“A mí me gustaría ser independiente, trabajar, ver a mi familia pero hacer las cosas yo sola.” La piba tiene entre 12 y 17 años. Va a la escuela regularmente, se hace cargo de sus hermanxs, lava la ropa, limpia la casa de punta a punta. Le gusta el reggaeton y baila twerking. Pero no lo puede hacer fuera. Es peligroso andar por ahí. Para ella que es una piba y vive en el Bajo Flores. Quiere ser independiente, vivir sola. Todo le erosiona el deseo. Pero lo dice y ese poder decir algo que quiere empieza a rasgar el mundo, a calcular su propio tiempo.

Algunas pibas del barrio cuentan que sus hermanos salen a bailar mientras ellas se quedan en sus casas, esperando un permiso familiar que no llega. Además de todas las exclusiones que marcan los cuerpos de lxs pibxs del Bajo, ellas son excluidas de los espacios para “hacer con otrxs”. No tienen lugar para ranchar en el barrio. Este tipo de constitución de lo social priva a las adolescentes de cierto tipo de diversión a la que los varones están acostumbrados y habilitados. Suelen vivir encerradas y salen para ir a la escuela cuando las cuestiones del hogar dejan de tener prioridad. En la privación del derecho a la diversión, las pibas del Bajo Flores se atreven a correr el riesgo de irse de sus casas exponiéndose a las violencias del barrio. Se atreven a desear algo distinto. ¿Por qué una piba decide arriesgarse la vida, escapar y desaparecer un buen rato, lejos de su territorio? Tal vez porque no haya pedazo de tierra en la que pueda sentir que hay algo que pueda hacer con lxs demás. Las redes sociales empiezan a convertirse en ese territorio compartido. Llega un saludo por Instagram. La piba se siente comprendida, linda, deseada. Hay una promesa de “algo distinto” que la sacaría de ese mundo de encierros. Aparece la posibilidad de ser salvada por alguien que la mira, la cuida y la desea. Tan solo con un mensaje. Y se rajan. Aparece la desesperación de su búsqueda. En la comisaria no quieren tomar la denuncia: “Se cayó el sistema”, “hay que esperar 24 horas”, “seguro se fue con el noviecito”, “tienen problemas familiares”. Las familias recurren a la escuela, a las organizaciones del barrio. Las buscamos, con las herramientas que construimos desde la militancia, estrategias comunitarias austeras pero que desarman lugares comunes y tejen lazos para encontrar a las pibas. Y no nos damos por vencidas porque sabemos que no es un noviecito. Es la adolescencia expuesta a diversas formas de consumo. Es el poder disputando nuestros cuerpos como territorios.
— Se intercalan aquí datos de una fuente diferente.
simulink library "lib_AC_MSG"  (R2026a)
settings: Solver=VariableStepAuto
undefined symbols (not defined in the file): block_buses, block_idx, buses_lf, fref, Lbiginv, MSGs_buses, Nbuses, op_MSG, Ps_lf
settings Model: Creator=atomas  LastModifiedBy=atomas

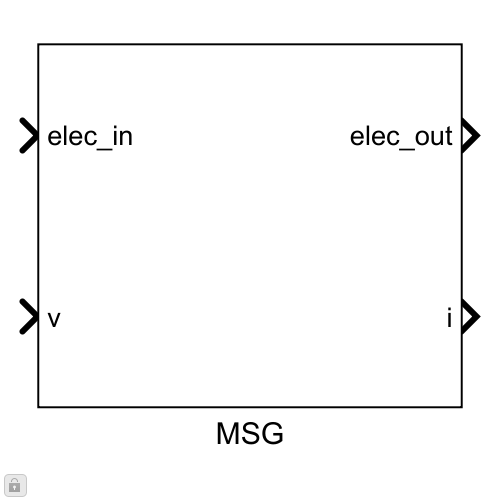
[thumbnail: Simulink's stored preview of the top-level diagram]
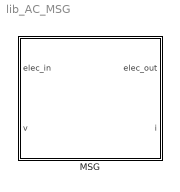
== system lib_AC_MSG ==
  MSG : Subsystem  mask(Doubly Fed Induction Generator){DFIGs_nodes=1, FBASE=50, D=0, H=7, Lssd_pu=1, Lssq_pu=0.6, Lmd_pu=0.9, Lmq_pu=0.5, Rs_pu=0.02, Lfd_pu=0.1, Rfd_pu=0.02, Rkd1_pu=10e6, Lkd1_pu=10e6, Rkd2_pu=10e6, Lkd2_pu=10e6, Rkq1_pu=10e6, Lkq1_pu=10e6, Rkq2_pu=10e6, Lkq2_pu=10e6, Rkq3_pu=10e6, Lkq3_pu=10e6, Ra_pu=0.008, La_pu=0.08, Cf_pu=0.0555, Ki_ia=0.1592, Kp_ia=9.1268e-04, Kid_m=1.9894, Kpd_m=0.0914, Kiq_m=1.1937, Kpq_m=0.0468, Ki_vc2=-0.1734, Kp_vc2=-0.0971, KPomegar=49, KIomegar=87.5, Kp_pll=9.1268e-05, Ki_pll=0.01592, T_e=1.15, T_1=12, T_2=1, T_A=0.01, K_A=200}
      mask prompts: FBASE "Base frequency (Hz)"; D "Damping (pu)"; H "Inertia (s)"; Lssd_pu "d-axis stator inductance (pu)"; Lssq_pu "q-axis stator inductance (pu)"; Lmd_pu "d-axis mutual inductance (pu)"; Lmq_pu "q-axis mutual inductance (pu)"; Rs_pu "Stator resistance (pu)"; Lfd_pu "Excitation indutance (pu)"; Rfd_pu "Excitation resistance (pu)"; Rkd1_pu "d-axis damper resistance 1 (pu)"; Lkd1_pu "d-axis damper inductance 1 (pu)"; Rkd2_pu "d-axis damper resistance 2 (pu)"; Lkd2_pu "d-axis damper inductance 2 (pu)"; Rkq1_pu "q-axis damper resistance 1(pu)"; Lkq1_pu "d-axis damper resistance 1 (pu)"; Rkq2_pu "d-axis damper resistance 2 (pu)"; Lkq2_pu "d-axis damper inductance 2 (pu)"; Rkq3_pu "d-axis damper resistance 3 (pu)"; Lkq3_pu "d-axis damper inductance 3 (pu)"; Ra_pu "Filter Resistance (pu)"; La_pu "Filter Inductance (pu)"; Cf_pu "DC-Link Capacitance"; Ki_ia "Grid side Converter Ki"; Kp_ia "Grid side Converter Kp"; Kid_m "d-axis Machine side Converter  Ki"; Kpd_m "d-axis Machine side Converter Kp"; Kiq_m "q-axis Machine side Converter  Ki"; Kpq_m "q-axis Machine side Converter Kp"; Ki_vc2 "DC Link Voltage Control Ki"; Kp_vc2 "DC Link Voltage Control Kp"; KPomegar "Speed control KP"; KIomegar "Speed control KI"; Kp_pll "PLL Kp"; Ki_pll "PLL Ki"
      mask help: Doubly Fed Induction Generator modelled in d-q reference frame.
      mask init:
      | [block_buses, block_idx, block_toM, block_fref, Lbiginv, Lssd_pu, Lssq_pu, Lmd_pu, Lfd_pu, La_pu, omega_base] = mask_init_MSG(gcb, FBASE, Lssd_pu, Lssq_pu, Lmd_pu, Lfd_pu, La_pu);
      mask Help: web([extractBefore(get_param(bdroot, 'filename'),gcs) 'Documentation/SM.html'])
      mask DialogControl Params Prompt: Parameters
      mask DialogControl Container10 Prompt: PI Parameters
      mask DialogControl Params_copy Prompt: Parameters
      mask DialogControl ContainerAVR Prompt: AVR Parameters
      mask DialogControl Params_AVR Prompt: Parameters

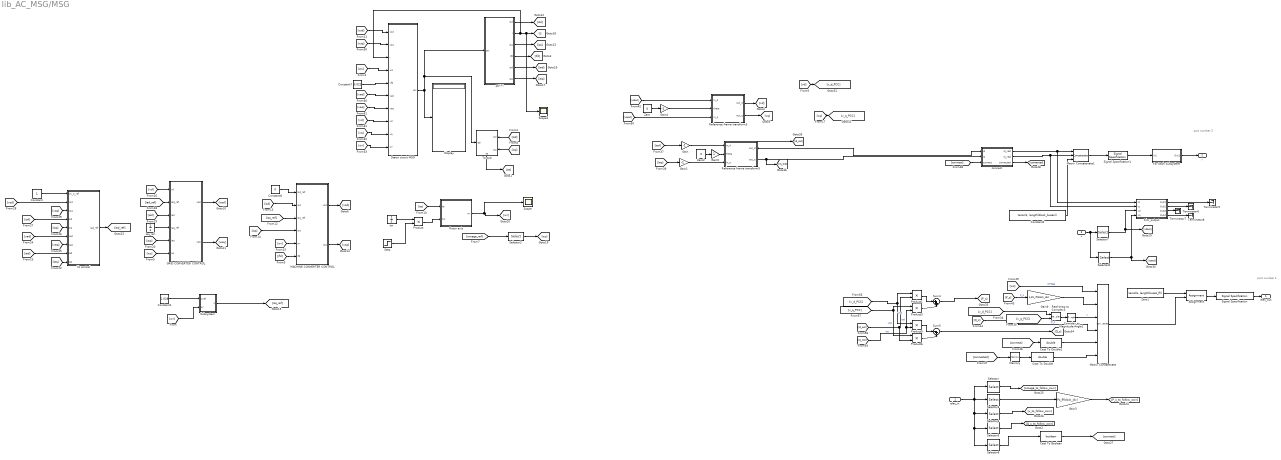
== system lib_AC_MSG/MSG ==
  note: port number 1
  note: port number 2
  elec_in : Inport
  v : Inport  Port=2
  Assignment : Assignment  NumberOfDimensions=2  DiagnosticForDimensions=Warning  IndexOptions=Assign all,Index vector (dialog)  Indices=1,block_idx  OutputSizes=1,1
  Cast To Boolean : DataTypeConversion  OutDataTypeStr=boolean  SaturateOnIntegerOverflow=off  RndMeth=Floor
  Cast To Double : DataTypeConversion  OutDataTypeStr=double  SaturateOnIntegerOverflow=off  RndMeth=Floor
  Cast To Double1 : DataTypeConversion  OutDataTypeStr=double  SaturateOnIntegerOverflow=off  RndMeth=Floor
  Complex to Magnitude-Angle1 : ComplexToMagnitudeAngle  Output=Magnitude
  Constant : Constant
  Constant1 : Constant  Value=1.028
  Constant2 : Constant  Value=zeros(1, length(block_buses))  VectorParams1D=off
  Constant6 : Constant  Value=0
  Constant7 : Constant  Value=0.022
  Display : Display
  For Each Subsystem : Subsystem  TreatAsAtomicUnit=on
  GRID CONVERTER CONTROL : Subsystem
  Gain : Gain  Gain=-1
  Gain1 : Gain  Gain=-1
  Gain3 : Gain  Gain=Ps_lf(block_idx)
  Gain4 : Gain  Gain=-1
  Gain5 : Gain
  Gain9 : Gain  Gain=1./Ps_lf(block_idx)
  MACHINE CONVERTER CONTROL : Subsystem
  Matrix Concatenate : Concatenate  NumInputs=6  Mode=Multidimensional array
  Matrix Concatenate1 : Concatenate  NumInputs=3  Mode=Multidimensional array
  Memory : Memory  InitialCondition=1
  Product{,1,3,5..6} (5 alike) : Product
  Real-Imag to Complex3 : RealImagToComplex
  Reference frame transform3 : Subsystem
  Reference frame transform5 : Subsystem
  Rotor axis : Subsystem
  Scope : Scope
      settings: ActiveDisplayYMinimum=1.0278  ActiveDisplayYMaximum=1.0294
  Scope1 : Scope
      settings: ActiveDisplayYMinimum=-1.2398  ActiveDisplayYMaximum=-0.95917  DataLoggingVariableName=ScopeData3
  Selector : Selector  NumberOfDimensions=2  InputPortWidth=3  IndexOptions=Index vector (dialog),Index vector (dialog)  Indices=1,block_idx  OutputSizes=1,1
  Selector2 : Selector  InputPortWidth=length(fref.ref_units)  IndexOptions=Index vector (dialog)  Indices=block_fref  OutputSizes=1
  Selector3 : Selector  NumberOfDimensions=2  InputPortWidth=3  IndexOptions=Index vector (dialog),Index vector (dialog)  Indices=2,block_idx  OutputSizes=1,1
  Selector4 : Selector  NumberOfDimensions=2  InputPortWidth=3  IndexOptions=Index vector (dialog),Index vector (dialog)  Indices=3,block_idx  OutputSizes=1,1
  Selector5 : Selector  NumberOfDimensions=2  InputPortWidth=3  IndexOptions=Index vector (dialog),Index vector (dialog)  Indices=4,block_idx  OutputSizes=1,1
  Selector6 : Selector  NumberOfDimensions=2  InputPortWidth=3  IndexOptions=Index vector (dialog),Index vector (dialog)  Indices=5,block_idx  OutputSizes=1,1
  Selector7 : Selector  NumberOfDimensions=2  InputPortWidth=3  IndexOptions=Index vector (dialog),Index vector (dialog)  Indices=1,block_buses  OutputSizes=1,1
  Selector8 : Selector  NumberOfDimensions=2  InputPortWidth=3  IndexOptions=Index vector (dialog),Index vector (dialog)  Indices=2,block_buses  OutputSizes=1,1
  Signal Specification : SignalSpecification  Dimensions=[6 length(buses_lf)]
  Signal Specification1 : SignalSpecification  Dimensions=[3 length(block_buses)]
  Stator circuit MSG : Subsystem
  Step : Step  InitialValue=1  FinalValue=1.1  SampleTime=0
  Subsystem : Subsystem
  Sum4 : Sum  Inputs=|++
  Sum5 : Sum  Inputs=|-+
  Terminator{5..8} (4 alike) : Terminator
  Torque : Subsystem
      settings: PortSchema="{\"entries\":[{\"content\":{\"sides\":[{\"content\":{\"connectorIds\":[\"In1\"]},\"type\":\"ConnectorPlacement.EquallySpacedRectSide\",\"uuid\":\"b7abd3bc-22dd-4669-aa40-98bc76884565\"},{\"content\":{\"connectorIds\":[\"In2\",\"In3\"],\"side\":\"RIGHT\"},\"type\":\"ConnectorPlacement.EquallySpacedRectSide\",\"uuid\":\"e9abb552-b46d-48ed-aa1f-0e9dac604fea\"},{\"content\":{\"connectorIds\":[],\"side\":\"TOP\"},\"type\":\"ConnectorPlacement.EquallySpacedRectSide\",\"uuid\":\"4b14997d-8f32-4cfb-8a1b-18cffb093d28\"},{\"content\":{\"connectorIds\":[\"Out1\"],\"side\":\"BOTTOM\"},\"type\":\"ConnectorPlacement.EquallySpacedRectSide\",\"uuid\":\"0ad577f8-eb9c-4d21-85f4-8d3c6640245c\"}]},\"type\":\"ConnectorPlacement.EquallySpacedConnector\",\"uuid\":\"d6624493-e930-4f0d-8cbe-17f96cb72edc\"}],\"packageUris\":[\"http://schema.mathworks.com/mf0/Connector/R2020b\"],\"version\":\"1.0\"}"
  Vc control : Subsystem
  Zero : Constant  Value=0  OutDataTypeStr=Inherit: Inherit via back propagation
  Zero1 : Constant  Value=zeros(6, length(buses_lf))  VectorParams1D=off  OutDataTypeStr=Inherit: Inherit via back propagation
  Zero2 : Constant  Value=0  OutDataTypeStr=Inherit: Inherit via back propagation
  connect : Subsystem
  iaq_ref : Integrator  InitialCondition=op_MSG.iaq_ref
  psi->i : Subsystem
  tm : Integrator  InitialCondition=op_MSG.tm
  trim_output : Subsystem
  elec_out : Outport
  i : Outport  Port=2
  wires:
  Product5/1 -> Sum5/1
  [v_d_PCC] -> Product1/1, Product5/1  "vod"
  Product3/1 -> Sum4/2
  [id_out] -> Product1/2, Product6/2  "iod"
  Sum5/1 -> [Q_s]
  [v_q_PCC] -> Product6/1, Product3/1  "voq"
  Product6/1 -> Sum5/2
  Sum4/1 -> [P_s]
  Product1/1 -> Sum4/1
  [iq_out] -> Product3/2, Product5/2  "ioq"
  Signal Specification/1 -> elec_out/1
  Gain4/1 -> Reference frame transform3/2(theta)
  For Each Subsystem/1(Out1) -> i/1
  [omega_ref] -> Selector2/1
  trim_output/2(Out2) -> Terminator6/1
  Selector5/1 -> [Q_s_to_follow_own]
  [iad] -> GRID CONVERTER CONTROL/3(iad)
  Vc control/1(iad_ref) -> [iad_ref]
  [vsd] -> Vc control/2(vsd)
  [vad] -> Vc control/6(vad)
  [te] -> Rotor axis/1(te)
  Assignment/1 -> Signal Specification/1
  GRID CONVERTER CONTROL/1(vad) -> [vad]
  [iaq] -> Vc control/9(iaq)
  GRID CONVERTER CONTROL/2(vaq) -> [vaq]
  [vsq] -> Vc control/3(vsq)
  psi->i/3(isq) -> [isq]
  [iad_ref] -> GRID CONVERTER CONTROL/2(iad_ref)
  Constant/1 -> Vc control/1(Vc_2_ref)
  iaq_ref/1 -> GRID CONVERTER CONTROL/4(iaq_ref)
  [iad] -> Vc control/8(iad)
  [vdout] -> Reference frame transform3/1(in_d)
  Zero/1 -> Gain4/1
  Gain9/1 -> Matrix Concatenate/2
  [P_s] -> Gain9/1  "P_s"
  Matrix Concatenate1/1 -> Signal Specification1/1
  trim_output/4(Out4) -> Terminator8/1
  Selector8/1 -> [vqout], trim_output/4(vq)
  Constant2/1 -> Matrix Concatenate1/3
  trim_output/3(Out3) -> Terminator7/1
  Cast To Boolean/1 -> [connect]
  v/1 -> Selector8/1, Selector7/1
  Signal Specification1/1 -> For Each Subsystem/1(In1)
  [vd] -> GRID CONVERTER CONTROL/1(vd)
  [ws] -> GRID CONVERTER CONTROL/6(ws)
  Selector7/1 -> trim_output/3(vd), [vdout]
  Gain5/1 -> Reference frame transform5/2(theta)
  elec_in/1 -> Selector6/1, Selector5/1, Selector4/1, Selector3/1, Selector/1
  connect/2(iq_real) -> trim_output/2(iq), Matrix Concatenate1/2
  [connect] -> Cast To Double1/1
  Cast To Double/1 -> Matrix Concatenate/6
  Cast To Double1/1 -> Matrix Concatenate/5
  Selector6/1 -> Cast To Boolean/1
  [Q_s] -> Matrix Concatenate/4  "Q_s"
  connect/1(id_real) -> trim_output/1(id), Matrix Concatenate1/1
  psi->i/2(i) -> Stator circuit MSG/3(i), Scope1/1, [i]
  trim_output/1(Out1) -> Terminator5/1
  [ws] -> Matrix Concatenate/1  "omega"
  Zero1/1 -> Assignment/1
  Selector/1 -> [omega_to_follow_own]
  Selector3/1 -> Gain3/1
  Selector4/1 -> [v_to_follow_own]
  Gain3/1 -> [P_s_to_follow_own]
  [vaq] -> Vc control/7(vaq)
  [isd] -> Vc control/4(isd)
  Matrix Concatenate/1 -> Assignment/2
  [iaq] -> GRID CONVERTER CONTROL/5(iaq)
  Zero2/1 -> Gain5/1
  psi->i/1(isd) -> [isd]
  [connect] -> connect/3(connect)
  [iad] -> Gain/1
  [connected] -> Memory/1
  [isq] -> Vc control/5(isq)
  connect/3(connected) -> [connected]
  Memory/1 -> Cast To Double/1
  Stator circuit MSG/1(psi) -> Torque/1(psi), psi->i/1(psi), Display/1
  Rotor axis/1(wr) -> Scope/1, [wr]
  Constant6/1 -> MACHINE CONVERTER CONTROL/1(isd_ref)
  [isq_ref] -> MACHINE CONVERTER CONTROL/3(isq_ref)
  MACHINE CONVERTER CONTROL/1(vsd) -> [vsd]
  [wr] -> MACHINE CONVERTER CONTROL/5(wr)
  MACHINE CONVERTER CONTROL/2(vsq) -> [vsq]
  Constant1/1 -> Subsystem/1(wref)
  [wr] -> Subsystem/2(wr)
  [ifd] -> MACHINE CONVERTER CONTROL/6(ifd)
  [vsd] -> Stator circuit MSG/1(vsd)
  [vsq] -> Stator circuit MSG/2(vsq)
  [vad] -> Stator circuit MSG/6(vad)
  [vaq] -> Stator circuit MSG/7(vaq)
  [ws] -> Stator circuit MSG/4(ws)
  [isd] -> Torque/2(isd)
  [isq] -> Torque/3(isq)
  Torque/1(te) -> [te]
  [vd] -> Stator circuit MSG/8(vd)
  [vq] -> Stator circuit MSG/9(vq)
  [wr] -> Stator circuit MSG/10(wr)
  [iaq] -> Gain1/1
  [v_q_PCC] -> Real-Imag to Complex3/2
  Real-Imag to Complex3/1 -> Complex to Magnitude-Angle1/1
  Complex to Magnitude-Angle1/1 -> Matrix Concatenate/3  "v"
  [v_d_PCC] -> Real-Imag to Complex3/1
  psi->i/5(iad) -> [iad]
  psi->i/6(iaq) -> [iaq]
  [vqout] -> Reference frame transform3/3(in_q)
  psi->i/4(ifd) -> [ifd]
  Constant7/1 -> Stator circuit MSG/5(vfd)
  Reference frame transform3/1(out_d) -> [vd]
  [vd] -> [v_d_PCC]
  Reference frame transform3/2(out_q) -> [vq]
  [vq] -> [v_q_PCC]
  Gain/1 -> Reference frame transform5/1(in_d)
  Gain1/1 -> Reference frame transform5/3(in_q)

Desde la Red de docentes, familias y organizaciones intentamos comprender la complejidad que lleva a las pibas a ausentarse de sus casas. Inventamos estrategias que se acomoden a su singularidad porque entendemos que no todas las situaciones son iguales. Disputamos el relato de los medios hegemónicos de comunicación, que con su mirada heteropatriarcal utilizan el nombre de las pibas para generar una opinión pública que las revictimiza y las vuelve objeto de disputa entre instituciones y familias. Es escuchando el relato de las pibas que pudimos comprender mejor cómo es la rutina cotidiana de una adolescente del Bajo Flores. “Ella tiene miedo y no me deja salir porque piensa que yo ya me olvidé de lo que me pasó. Y yo no me olvidé de lo que pasó pero quiero salir igual”. Hay una mezcla entre la enunciación de su propio deseo y el tratar de entender a la vieja que labura todo el día y tiene un miedo terrible de perderlas. Por un lado, la mirada adulta que funciona como límite y control. Por el otro, la mirada de las pibas que necesita improvisar un nuevo modo de salir. Tal vez esa improvisación requiera construir diversas formas de cuidado comunitario. Estamos convencidas que el barrio es el lugar para tejer ese tipo de cuidado porque en el Bajo aprendimos que es en el “Hacer con otrxs” donde inventamos refugio frente al desamparo del Estado.

 

*Integrantes de la Red de docentes, familias y organizaciones sociales del Bajo Flores.